Behavioral studies in response to radiation have shown results indicating that increasing or decreasing dose does not always produce a linear response, but more of a monotonic response (77). The data reported here suggest that the retching response does not display a normal distribution of the data. For example, the HDR γ-ray and LDR proton exposures resulted in higher retching counts at the 0.25 and 2 Gy doses (γ ray) and 0.25 and 1 Gy doses (protons), compared to the controls and intermediate doses (0.5 and 0.75 Gy). Neuronal responses detected by electrophysiological methods have been shown to produce a similar trend in terms of nonlinear responses to radiation dose (18). The retching response is clearly sensitive and may be a behavioral response evoked by anatomical and neural circuitry elements (i.e., receptor, neurotransmitter or pathway activation), which may be sensitive to high or low doses of radiation with intermediate doses resulting in a less robust response.

Since ferrets are outbred, larger sample groups may delineate the interindividual response to radiation observed. The heterogeneity of the population may also explain the range of the retching and vomiting response. The reason why the incidence of retching was observed more frequently than the incident of vomiting and why the episodes lasted longer cannot be explained and may be due to the pathophysiological mechanisms of radiation-induced retching and/or vomiting, which are not clearly defined. It has been reported that resection of the abdominal vagus nerve in ferrets prevents the emetic response only in response to exposure to ionizing radiation and cytotoxic drugs, but not to morphine or apomorphine (19). This observation suggests separate mechanisms of activation of the emetic response. It is not unlikely that while different toxins stimulate different mechanisms to evoke the emetic response, the mechanisms of the retching and vomiting responses may at least be partially separate; however, it is not clear how a range of clinical stimuli and specifically various doses of radiation exposure, impacts the emetic response. Further research is warranted in this field to delineate the mechanisms attributing to the sensitivity of ferrets to ionizing radiation.

The results of the present study have clearly demonstrated that HDR γ rays and protons are effective in inducing retching and vomiting, as evidenced by the increase in the fraction of animals that retched and/or vomited, the number of retches or vomits observed and the duration of retching or vomiting, as well as the decrease in the latency period for retching or vomiting. A similar but much weaker and less consistent trend was also observed for animals irradiated with γ rays and protons at the LDR, indicating a clear dose-rate effect of γ rays and protons in inducing retching and vomiting.
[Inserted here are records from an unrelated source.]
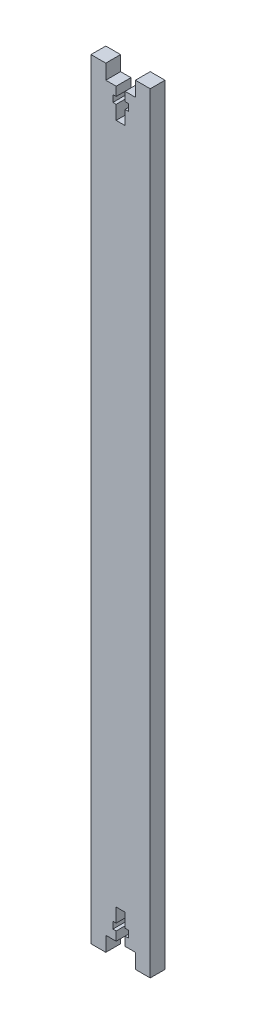
ISO-10303-21;
HEADER;
FILE_DESCRIPTION(('STEP AP214'),'2;1');
FILE_NAME('part.step','',(''),(''),'','','');
FILE_SCHEMA(('AUTOMOTIVE_DESIGN { 1 0 10303 214 1 1 1 1 }'));
ENDSEC;
DATA;
#1=APPLICATION_CONTEXT('core data for automotive mechanical design processes');
#2=APPLICATION_PROTOCOL_DEFINITION('international standard','automotive_design',2000,#1);
#3=PRODUCT_CONTEXT('',#1,'mechanical');
#4=PRODUCT('Part','Part','',(#3));
#5=PRODUCT_RELATED_PRODUCT_CATEGORY('part','',(#4));
#6=PRODUCT_DEFINITION_FORMATION('','',#4);
#7=PRODUCT_DEFINITION_CONTEXT('part definition',#1,'design');
#8=PRODUCT_DEFINITION('design','',#6,#7);
#9=PRODUCT_DEFINITION_SHAPE('','',#8);
#10=(LENGTH_UNIT() NAMED_UNIT(*) SI_UNIT(.MILLI.,.METRE.));
#11=(NAMED_UNIT(*) PLANE_ANGLE_UNIT() SI_UNIT($,.RADIAN.));
#12=(NAMED_UNIT(*) SI_UNIT($,.STERADIAN.) SOLID_ANGLE_UNIT());
#13=UNCERTAINTY_MEASURE_WITH_UNIT(LENGTH_MEASURE(1.E-05),#10,'distance_accuracy_value','');
#14=(GEOMETRIC_REPRESENTATION_CONTEXT(3) GLOBAL_UNCERTAINTY_ASSIGNED_CONTEXT((#13)) GLOBAL_UNIT_ASSIGNED_CONTEXT((#10,
#11,#12)) REPRESENTATION_CONTEXT('',''));
#15=CARTESIAN_POINT('',(0.,0.,0.));
#16=DIRECTION('',(0.,0.,1.));
#17=DIRECTION('',(1.,0.,0.));
#18=AXIS2_PLACEMENT_3D('',#15,#16,#17);
#19=CARTESIAN_POINT('',(-15.1018676210207,4.00000000000001,5.));
#20=DIRECTION('',(0.,1.,0.));
#21=DIRECTION('',(0.,0.,1.));
#22=AXIS2_PLACEMENT_3D('',#19,#20,#21);
#23=PLANE('',#22);
#24=DIRECTION('',(1.,0.,0.));
#25=VECTOR('',#24,1.);
#26=CARTESIAN_POINT('',(-15.1018676210207,4.00000000000001,0.));
#27=LINE('',#26,#25);
#28=CARTESIAN_POINT('',(-20.1018676210207,4.00000000000001,0.));
#29=VERTEX_POINT('',#28);
#30=CARTESIAN_POINT('',(-15.1018676210207,4.00000000000001,0.));
#31=VERTEX_POINT('',#30);
#32=EDGE_CURVE('E296',#29,#31,#27,.T.);
#33=ORIENTED_EDGE('',*,*,#32,.T.);
#34=DIRECTION('',(0.,0.,-1.));
#35=VECTOR('',#34,1.);
#36=CARTESIAN_POINT('',(-15.1018676210207,4.00000000000001,5.));
#37=LINE('',#36,#35);
#38=CARTESIAN_POINT('',(-15.1018676210207,4.00000000000001,5.));
#39=VERTEX_POINT('',#38);
#40=EDGE_CURVE('E40',#39,#31,#37,.T.);
#41=ORIENTED_EDGE('',*,*,#40,.F.);
#42=DIRECTION('',(1.,0.,0.));
#43=VECTOR('',#42,1.);
#44=CARTESIAN_POINT('',(-15.1018676210207,4.00000000000001,5.));
#45=LINE('',#44,#43);
#46=CARTESIAN_POINT('',(-20.1018676210207,4.00000000000001,5.));
#47=VERTEX_POINT('',#46);
#48=EDGE_CURVE('E554',#47,#39,#45,.T.);
#49=ORIENTED_EDGE('',*,*,#48,.F.);
#50=DIRECTION('',(0.,0.,-1.));
#51=VECTOR('',#50,1.);
#52=CARTESIAN_POINT('',(-20.1018676210207,4.00000000000001,5.));
#53=LINE('',#52,#51);
#54=EDGE_CURVE('E11',#47,#29,#53,.T.);
#55=ORIENTED_EDGE('',*,*,#54,.T.);
#56=EDGE_LOOP('',(#33,#41,#49,#55));
#57=FACE_BOUND('',#56,.T.);
#58=ADVANCED_FACE('F32',(#57),#23,.F.);
#59=CARTESIAN_POINT('',(-15.1018676210207,4.00000000000001,5.));
#60=DIRECTION('',(-1.,0.,0.));
#61=DIRECTION('',(0.,0.,1.));
#62=AXIS2_PLACEMENT_3D('',#59,#60,#61);
#63=PLANE('',#62);
#64=DIRECTION('',(0.,1.,0.));
#65=VECTOR('',#64,1.);
#66=CARTESIAN_POINT('',(-15.1018676210207,4.00000000000001,0.));
#67=LINE('',#66,#65);
#68=CARTESIAN_POINT('',(-15.1018676210207,9.00000000000001,0.));
#69=VERTEX_POINT('',#68);
#70=EDGE_CURVE('E298',#31,#69,#67,.T.);
#71=ORIENTED_EDGE('',*,*,#70,.T.);
#72=DIRECTION('',(0.,0.,-1.));
#73=VECTOR('',#72,1.);
#74=CARTESIAN_POINT('',(-15.1018676210207,9.00000000000001,5.));
#75=LINE('',#74,#73);
#76=CARTESIAN_POINT('',(-15.1018676210207,9.00000000000001,5.));
#77=VERTEX_POINT('',#76);
#78=EDGE_CURVE('E456',#77,#69,#75,.T.);
#79=ORIENTED_EDGE('',*,*,#78,.F.);
#80=DIRECTION('',(0.,1.,0.));
#81=VECTOR('',#80,1.);
#82=CARTESIAN_POINT('',(-15.1018676210207,4.00000000000001,5.));
#83=LINE('',#82,#81);
#84=EDGE_CURVE('E465',#39,#77,#83,.T.);
#85=ORIENTED_EDGE('',*,*,#84,.F.);
#86=ORIENTED_EDGE('',*,*,#40,.T.);
#87=EDGE_LOOP('',(#71,#79,#85,#86));
#88=FACE_BOUND('',#87,.T.);
#89=ADVANCED_FACE('F463',(#88),#63,.F.);
#90=CARTESIAN_POINT('',(-11.6018676210207,9.00000000000001,5.));
#91=DIRECTION('',(0.,1.,0.));
#92=DIRECTION('',(0.,0.,1.));
#93=AXIS2_PLACEMENT_3D('',#90,#91,#92);
#94=PLANE('',#93);
#95=DIRECTION('',(1.,0.,0.));
#96=VECTOR('',#95,1.);
#97=CARTESIAN_POINT('',(-11.6018676210207,9.00000000000001,0.));
#98=LINE('',#97,#96);
#99=CARTESIAN_POINT('',(-11.6018676210207,9.00000000000001,0.));
#100=VERTEX_POINT('',#99);
#101=EDGE_CURVE('E300',#69,#100,#98,.T.);
#102=ORIENTED_EDGE('',*,*,#101,.T.);
#103=DIRECTION('',(0.,0.,-1.));
#104=VECTOR('',#103,1.);
#105=CARTESIAN_POINT('',(-11.6018676210207,9.00000000000001,5.));
#106=LINE('',#105,#104);
#107=CARTESIAN_POINT('',(-11.6018676210207,9.00000000000001,5.));
#108=VERTEX_POINT('',#107);
#109=EDGE_CURVE('E453',#108,#100,#106,.T.);
#110=ORIENTED_EDGE('',*,*,#109,.F.);
#111=DIRECTION('',(1.,0.,0.));
#112=VECTOR('',#111,1.);
#113=CARTESIAN_POINT('',(-11.6018676210207,9.00000000000001,5.));
#114=LINE('',#113,#112);
#115=EDGE_CURVE('E486',#77,#108,#114,.T.);
#116=ORIENTED_EDGE('',*,*,#115,.F.);
#117=ORIENTED_EDGE('',*,*,#78,.T.);
#118=EDGE_LOOP('',(#102,#110,#116,#117));
#119=FACE_BOUND('',#118,.T.);
#120=ADVANCED_FACE('F477',(#119),#94,.F.);
#121=CARTESIAN_POINT('',(-11.6018676210207,12.,5.));
#122=DIRECTION('',(-1.,0.,0.));
#123=DIRECTION('',(0.,0.,1.));
#124=AXIS2_PLACEMENT_3D('',#121,#122,#123);
#125=PLANE('',#124);
#126=DIRECTION('',(0.,1.,0.));
#127=VECTOR('',#126,1.);
#128=CARTESIAN_POINT('',(-11.6018676210207,12.,0.));
#129=LINE('',#128,#127);
#130=CARTESIAN_POINT('',(-11.6018676210207,12.,0.));
#131=VERTEX_POINT('',#130);
#132=EDGE_CURVE('E302',#100,#131,#129,.T.);
#133=ORIENTED_EDGE('',*,*,#132,.T.);
#134=DIRECTION('',(0.,0.,-1.));
#135=VECTOR('',#134,1.);
#136=CARTESIAN_POINT('',(-11.6018676210207,12.,5.));
#137=LINE('',#136,#135);
#138=CARTESIAN_POINT('',(-11.6018676210207,12.,5.));
#139=VERTEX_POINT('',#138);
#140=EDGE_CURVE('E450',#139,#131,#137,.T.);
#141=ORIENTED_EDGE('',*,*,#140,.F.);
#142=DIRECTION('',(0.,1.,0.));
#143=VECTOR('',#142,1.);
#144=CARTESIAN_POINT('',(-11.6018676210207,12.,5.));
#145=LINE('',#144,#143);
#146=EDGE_CURVE('E483',#108,#139,#145,.T.);
#147=ORIENTED_EDGE('',*,*,#146,.F.);
#148=ORIENTED_EDGE('',*,*,#109,.T.);
#149=EDGE_LOOP('',(#133,#141,#147,#148));
#150=FACE_BOUND('',#149,.T.);
#151=ADVANCED_FACE('F481',(#150),#125,.F.);
#152=CARTESIAN_POINT('',(-11.6018676210207,12.,5.));
#153=DIRECTION('',(0.,-1.,0.));
#154=DIRECTION('',(0.,0.,-1.));
#155=AXIS2_PLACEMENT_3D('',#152,#153,#154);
#156=PLANE('',#155);
#157=DIRECTION('',(-1.,0.,0.));
#158=VECTOR('',#157,1.);
#159=CARTESIAN_POINT('',(-11.6018676210207,12.,0.));
#160=LINE('',#159,#158);
#161=CARTESIAN_POINT('',(-12.7018676210207,12.,0.));
#162=VERTEX_POINT('',#161);
#163=EDGE_CURVE('E304',#131,#162,#160,.T.);
#164=ORIENTED_EDGE('',*,*,#163,.T.);
#165=DIRECTION('',(0.,0.,-1.));
#166=VECTOR('',#165,1.);
#167=CARTESIAN_POINT('',(-12.7018676210207,12.,5.));
#168=LINE('',#167,#166);
#169=CARTESIAN_POINT('',(-12.7018676210207,12.,5.));
#170=VERTEX_POINT('',#169);
#171=EDGE_CURVE('E447',#170,#162,#168,.T.);
#172=ORIENTED_EDGE('',*,*,#171,.F.);
#173=DIRECTION('',(-1.,0.,0.));
#174=VECTOR('',#173,1.);
#175=CARTESIAN_POINT('',(-11.6018676210207,12.,5.));
#176=LINE('',#175,#174);
#177=EDGE_CURVE('E485',#139,#170,#176,.T.);
#178=ORIENTED_EDGE('',*,*,#177,.F.);
#179=ORIENTED_EDGE('',*,*,#140,.T.);
#180=EDGE_LOOP('',(#164,#172,#178,#179));
#181=FACE_BOUND('',#180,.T.);
#182=ADVANCED_FACE('F568',(#181),#156,.F.);
#183=CARTESIAN_POINT('',(-12.7018676210207,12.,5.));
#184=DIRECTION('',(-1.,0.,0.));
#185=DIRECTION('',(0.,0.,1.));
#186=AXIS2_PLACEMENT_3D('',#183,#184,#185);
#187=PLANE('',#186);
#188=DIRECTION('',(0.,1.,0.));
#189=VECTOR('',#188,1.);
#190=CARTESIAN_POINT('',(-12.7018676210207,12.,0.));
#191=LINE('',#190,#189);
#192=CARTESIAN_POINT('',(-12.7018676210207,14.3,0.));
#193=VERTEX_POINT('',#192);
#194=EDGE_CURVE('E306',#162,#193,#191,.T.);
#195=ORIENTED_EDGE('',*,*,#194,.T.);
#196=DIRECTION('',(0.,0.,-1.));
#197=VECTOR('',#196,1.);
#198=CARTESIAN_POINT('',(-12.7018676210207,14.3,5.));
#199=LINE('',#198,#197);
#200=CARTESIAN_POINT('',(-12.7018676210207,14.3,5.));
#201=VERTEX_POINT('',#200);
#202=EDGE_CURVE('E444',#201,#193,#199,.T.);
#203=ORIENTED_EDGE('',*,*,#202,.F.);
#204=DIRECTION('',(0.,1.,0.));
#205=VECTOR('',#204,1.);
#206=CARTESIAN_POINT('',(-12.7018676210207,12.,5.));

Since the SPE radiation dose rate is expected to be similar to or lower than the LDR used in these studies, and far below the HDR used in these studies, the results presented here suggest that the risk of space radiation-induced vomiting is low and may reach statistical significance only when the radiation dose reaches 1 Gy or higher.

The estimated RBE value for the HDR proton irradiation ranged from 0.6 to 0.8 for retching and 0.0 to 0.9 for vomiting in the dose range evaluated in this study and the 95% confidence interval for the RBE included 1.0 for retching in the proton radiation dose range of 0.25 to 2 Gy evaluated and for vomiting in the proton radiation dose range of 1 to 2 Gy. These results indicate that HDR proton irradiation is generally not more effective than HDR γ irradiation in inducing either retching or vomiting. These results are corroborated by the observations that the minimum doses required to induce significant changes in the retching and/or vomiting related biological endpoints were similar between γ rays and protons delivered at the HDR.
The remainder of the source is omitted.